◆ Problem statement:
What you need to produce from the material below is an exact transcription of the lines from the one with "Line((-5.080413, 99.1734183129), (-5.080413, 98.6463629929))" through the one with "32.4244534554), (-79.080413, 30.2103665621))", both included, and no other line.

◆ Task data:

[Start of section]

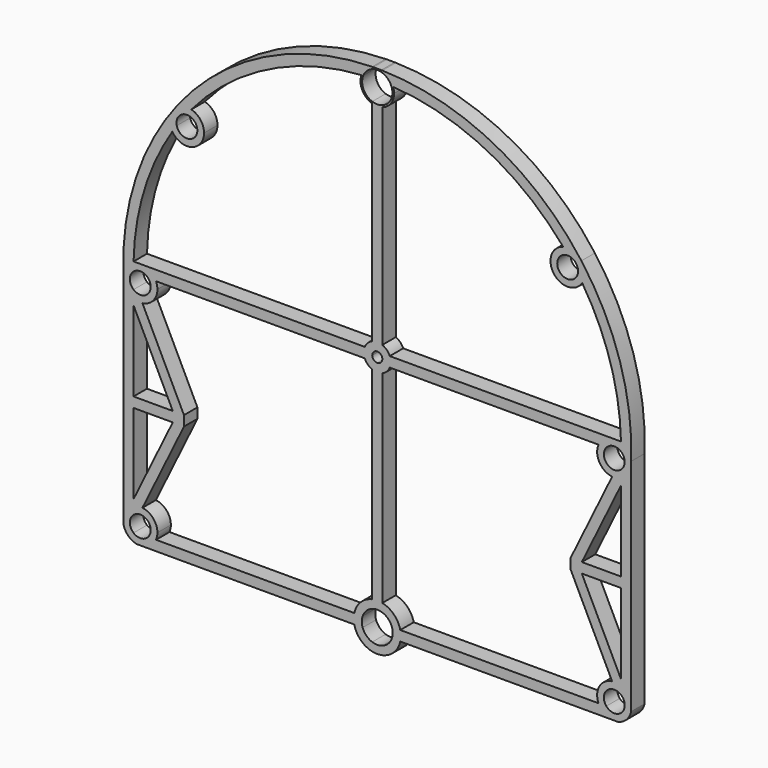
from build123d import *

# Parameters (mm, degrees)
F1_DEPTH = 5


with BuildPart() as f1:
    # F0 (on Front) → F1 (new body)
    with BuildSketch(Plane.XZ):
        with BuildLine():
            ThreePointArc((-4.749689293, 108.27741611), (-4.9150543418, 108.2746765519), (-5.080413, 108.2715751462))
            Line((-5.080413, 108.2715751462), (-5.080413, 108.1857550071))
            ThreePointArc((-5.080413, 108.1857550071), (-4.9158378094, 108.2344239279), (-4.749689293, 108.27741611))
        make_face()
        with BuildLine():
            Line((-5.080413, 108.1857550071), (-5.080413, 108.2715751462))
            ThreePointArc((-5.080413, 108.2715751462), (-38.2438547996, 99.8689539689), (-64.3052023733, 77.7053785063))
            ThreePointArc((-64.3052023733, 77.7053785063), (-61.8869598578, 79.484500638), (-58.8867953483, 79.5948878658))
            ThreePointArc((-58.8867953483, 79.5948878658), (-36.1836203834, 97.4699745631), (-8.3025955163, 105.0595285867))
            ThreePointArc((-8.3025955163, 105.0595285867), (-7.0621096732, 107.0046225393), (-5.080413, 108.1857550071))
        make_face()
        with BuildLine():
            ThreePointArc((57.1443762124, 77.7053787235), (31.0830286795, 99.8689540309), (-2.080413, 108.2715751462))
            Line((-2.080413, 108.2715751462), (-2.080413, 108.1857550071))
            ThreePointArc((-2.080413, 108.1857550071), (-0.0987163268, 107.0046225393), (1.1417695163, 105.0595285867))
            ThreePointArc((1.1417695163, 105.0595285867), (29.0227943834, 97.4699745631), (51.7259693483, 79.5948878658))
            ThreePointArc((51.7259693483, 79.5948878658), (54.7261337301, 79.4845006825), (57.1443762124, 77.7053787235))
        make_face()
        with BuildLine():
            Line((-2.080413, 108.1857550071), (-2.080413, 108.2715751462))
            ThreePointArc((-2.080413, 108.2715751462), (-2.2457716582, 108.2746765519), (-2.411136707, 108.27741611))
            ThreePointArc((-2.411136707, 108.27741611), (-2.2449881906, 108.2344239279), (-2.080413, 108.1857550071))
        make_face()
        with BuildLine():
            ThreePointArc((-4.749689293, 108.27741611), (-4.9158378094, 108.2344239279), (-5.080413, 108.1857550071))
            Line((-5.080413, 108.1857550071), (-5.080413, 107.6586996871))
            ThreePointArc((-5.080413, 107.6586996871), (-3.580413, 107.916059), (-2.080413, 107.6586996871))
            Line((-2.080413, 107.6586996871), (-2.080413, 108.1857550071))
            ThreePointArc((-2.080413, 108.1857550071), (-2.2449881906, 108.2344239279), (-2.411136707, 108.27741611))
            ThreePointArc((-2.411136707, 108.27741611), (-3.580413, 108.2864612892), (-4.749689293, 108.27741611))
        make_face()
        with BuildLine():
            Line((-5.080413, 107.6586996871), (-5.080413, 108.1857550071))
            ThreePointArc((-5.080413, 108.1857550071), (-7.0621096732, 107.0046225393), (-8.3025955163, 105.0595285867))
            ThreePointArc((-8.3025955163, 105.0595285867), (-8.0294463502, 105.0768379627), (-7.7562337923, 105.0931161579))
            ThreePointArc((-7.7562337923, 105.0931161579), (-6.6947813353, 106.6642446277), (-5.080413, 107.6586996871))
        make_face()
        with BuildLine():
            ThreePointArc((-64.5360118766, 71.9716104938), (-65.303536067, 74.8740362921), (-64.3052023733, 77.7053785063))
            ThreePointArc((-64.3052023733, 77.7053785063), (-75.7601843739, 55.1236885798), (-79.1139826123, 30.0258526184))
            ThreePointArc((-79.1139826123, 30.0258526184), (-79.0980460216, 30.1182639107), (-79.080413, 30.2103665621))
            Line((-79.080413, 30.2103665621), (-79.080413, 34.205379))
            Line((-79.080413, 34.205379), (-76.080413, 34.205379))
            Line((-76.080413, 34.205379), (-76.07297793, 34.205379))
            ThreePointArc((-76.07297793, 34.205379), (-72.9250246591, 53.8890237285), (-64.5360118766, 71.9716104938))
        make_face()
        with BuildLine():
            ThreePointArc((-58.8867953483, 79.5948878658), (-61.8869598578, 79.484500638), (-64.3052023733, 77.7053785063))
            ThreePointArc((-64.3052023733, 77.7053785063), (-65.303536067, 74.8740362921), (-64.5360118766, 71.9716104938))
            ThreePointArc((-64.5360118766, 71.9716104938), (-63.8865961541, 72.9618846049), (-63.2210941441, 73.9414205512))
            ThreePointArc((-63.2210941441, 73.9414205512), (-62.6983240118, 76.514604837), (-60.3886625308, 77.7636163754))
            ThreePointArc((-60.3886625308, 77.7636163754), (-59.6452064016, 78.6853845564), (-58.8867953483, 79.5948878658))
        make_face()
        with BuildLine():
            ThreePointArc((1.1417695163, 105.0595285867), (-0.0987163268, 107.0046225393), (-2.080413, 108.1857550071))
            Line((-2.080413, 108.1857550071), (-2.080413, 107.6586996871))
            ThreePointArc((-2.080413, 107.6586996871), (-0.4660446647, 106.6642446277), (0.5954077923, 105.0931161579))
            ThreePointArc((0.5954077923, 105.0931161579), (0.8686203502, 105.0768379627), (1.1417695163, 105.0595285867))
        make_face()
        with BuildLine():
            ThreePointArc((71.9531566123, 30.0258526184), (68.5993583338, 55.1236887089), (57.1443762124, 77.7053787235))
            ThreePointArc((57.1443762124, 77.7053787235), (57.8897416902, 76.2677404954), (58.1468371186, 74.6689048844))
            ThreePointArc((58.1468371186, 74.6689048844), (57.9501308415, 73.2661537778), (57.3751858766, 71.9716104938))
            ThreePointArc((57.3751858766, 71.9716104938), (65.7641986591, 53.8890237285), (68.91215193, 34.205379))
            Line((68.91215193, 34.205379), (68.919587, 34.205379))
            Line((68.919587, 34.205379), (71.919587, 34.205379))
            Line((71.919587, 34.205379), (71.919587, 30.2103665621))
            ThreePointArc((71.919587, 30.2103665621), (71.9372200216, 30.1182639107), (71.9531566123, 30.0258526184))
        make_face()
        with BuildLine():
            ThreePointArc((58.1468371186, 74.6689048844), (57.8897416902, 76.2677404954), (57.1443762124, 77.7053787235))
            ThreePointArc((57.1443762124, 77.7053787235), (54.7261337301, 79.4845006825), (51.7259693483, 79.5948878658))
            ThreePointArc((51.7259693483, 79.5948878658), (52.4843804016, 78.6853845564), (53.2278365308, 77.7636163754))
            ThreePointArc((53.2278365308, 77.7636163754), (55.3019533216, 76.7959805556), (56.1468371186, 74.6689048844))
            ThreePointArc((56.1468371186, 74.6689048844), (56.1251187967, 74.3025963933), (56.0602681441, 73.9414205512))
            ThreePointArc((56.0602681441, 73.9414205512), (56.7257701541, 72.9618846049), (57.3751858766, 71.9716104938))
            ThreePointArc((57.3751858766, 71.9716104938), (57.9501308415, 73.2661537778), (58.1468371186, 74.6689048844))
        make_face()
        with BuildLine():
            ThreePointArc((-7.7562337923, 105.0931161579), (-8.0294463502, 105.0768379627), (-8.3025955163, 105.0595285867))
            ThreePointArc((-8.3025955163, 105.0595285867), (-8.0481934389, 101.1713011177), (-5.080413, 98.6463629929))
            Line((-5.080413, 98.6463629929), (-5.080413, 99.1734183129))
            ThreePointArc((-5.080413, 99.1734183129), (-7.680954557, 101.5625329173), (-7.7562337923, 105.0931161579))
        make_face()
        with BuildLine():
            ThreePointArc((-55.1076631186, 74.6689048844), (-56.161280436, 77.7732223916), (-58.8867953483, 79.5948878658))
            ThreePointArc((-58.8867953483, 79.5948878658), (-59.6452064016, 78.6853845564), (-60.3886625308, 77.7636163754))
            ThreePointArc((-60.3886625308, 77.7636163754), (-58.0805874474, 76.9240210874), (-57.1076631186, 74.6689048844))
            ThreePointArc((-57.1076631186, 74.6689048844), (-59.8413546276, 71.5906232064), (-63.2210941441, 73.9414205512))
            ThreePointArc((-63.2210941441, 73.9414205512), (-63.8865961541, 72.9618846049), (-64.5360118766, 71.9716104938))
            ThreePointArc((-64.5360118766, 71.9716104938), (-58.804912012, 69.7656111615), (-55.1076631186, 74.6689048844))
        make_face()
        with BuildLine():
            ThreePointArc((1.419587, 103.416059), (1.3496434186, 104.24945189), (1.1417695163, 105.0595285867))
            ThreePointArc((1.1417695163, 105.0595285867), (0.8686203502, 105.0768379627), (0.5954077923, 105.0931161579))
            ThreePointArc((0.5954077923, 105.0931161579), (0.8377989441, 104.2701100625), (0.919587, 103.416059))
            ThreePointArc((0.919587, 103.416059), (0.0938216142, 100.8179827886), (-2.080413, 99.1734183129))
            Line((-2.080413, 99.1734183129), (-2.080413, 98.6463629929))
            ThreePointArc((-2.080413, 98.6463629929), (0.4507158741, 100.4580191085), (1.419587, 103.416059))
        make_face()
        with BuildLine():
            ThreePointArc((53.2278365308, 77.7636163754), (52.4843804016, 78.6853845564), (51.7259693483, 79.5948878658))
            ThreePointArc((51.7259693483, 79.5948878658), (48.9492982298, 71.6324307688), (57.3751858766, 71.9716104938))
            ThreePointArc((57.3751858766, 71.9716104938), (56.7257701541, 72.9618846049), (56.0602681441, 73.9414205512))
            ThreePointArc((56.0602681441, 73.9414205512), (50.5561762255, 72.8232049318), (53.2278365308, 77.7636163754))
        make_face()
        with BuildLine():
            ThreePointArc((-2.080413, 98.6463629929), (-3.580413, 98.416059), (-5.080413, 98.6463629929))
            Line((-5.080413, 98.6463629929), (-5.080413, 36.4134782435))
            ThreePointArc((-5.080413, 36.4134782435), (-3.580413, 36.705379), (-2.080413, 36.4134782435))
            Line((-2.080413, 36.4134782435), (-2.080413, 98.6463629929))
        make_face()
        with BuildLine():
            Line((-5.080413, 99.1734183129), (-5.080413, 98.6463629929))
            ThreePointArc((-5.080413, 98.6463629929), (-3.580413, 98.416059), (-2.080413, 98.6463629929))
            Line((-2.080413, 98.6463629929), (-2.080413, 99.1734183129))
            ThreePointArc((-2.080413, 99.1734183129), (-3.580413, 98.916059), (-5.080413, 99.1734183129))
        make_face()
        with BuildLine():
            ThreePointArc((-76.080413, 33.8968606423), (-78.0361126411, 32.4244534554), (-79.080413, 30.2103665621))
            Line((-79.080413, 30.2103665621), (-79.080413, 29.205379))
            Line((-79.080413, 29.205379), (-79.080413, 28.2003914379))
            ThreePointArc((-79.080413, 28.2003914379), (-78.0361126411, 25.9863045446), (-76.080413, 24.5138973577))
            Line((-76.080413, 24.5138973577), (-76.080413, 26.8368351435))
            ThreePointArc((-76.080413, 26.8368351435), (-77.180413, 29.205379), (-76.080413, 31.5739228565))
            Line((-76.080413, 31.5739228565), (-76.080413, 33.787954695))
            Line((-76.080413, 33.787954695), (-76.080413, 33.8968606423))
        make_face()
        with BuildLine():
            Line((-79.080413, 34.205379), (-79.080413, 30.2103665621))
            ThreePointArc((-79.080413, 30.2103665621), (-78.0361126411, 32.4244534554), (-76.080413, 33.8968606423))
            Line((-76.080413, 33.8968606423), (-76.080413, 34.205379))
            Line((-76.080413, 34.205379), (-79.080413, 34.205379))
        make_face()
        with BuildLine():
            ThreePointArc((-76.080413, 24.5138973577), (-78.0361126411, 25.9863045446), (-79.080413, 28.2003914379))
            Line((-79.080413, 28.2003914379), (-79.080413, -33.5006334379))
            ThreePointArc((-79.080413, -33.5006334379), (-78.0361126411, -31.2865465446), (-76.080413, -29.8141393577))
            Line((-76.080413, -29.8141393577), (-76.080413, -28.0267348672))
            Line((-76.080413, -28.0267348672), (-76.080413, -4.14996))
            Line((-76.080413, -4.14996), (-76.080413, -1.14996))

[End of section]

◆ Output of the exercise:
            Line((-5.080413, 99.1734183129), (-5.080413, 98.6463629929))
            ThreePointArc((-5.080413, 98.6463629929), (-3.580413, 98.416059), (-2.080413, 98.6463629929))
            Line((-2.080413, 98.6463629929), (-2.080413, 99.1734183129))
            ThreePointArc((-2.080413, 99.1734183129), (-3.580413, 98.916059), (-5.080413, 99.1734183129))
        make_face()
        with BuildLine():
            ThreePointArc((-76.080413, 33.8968606423), (-78.0361126411, 32.4244534554), (-79.080413, 30.2103665621))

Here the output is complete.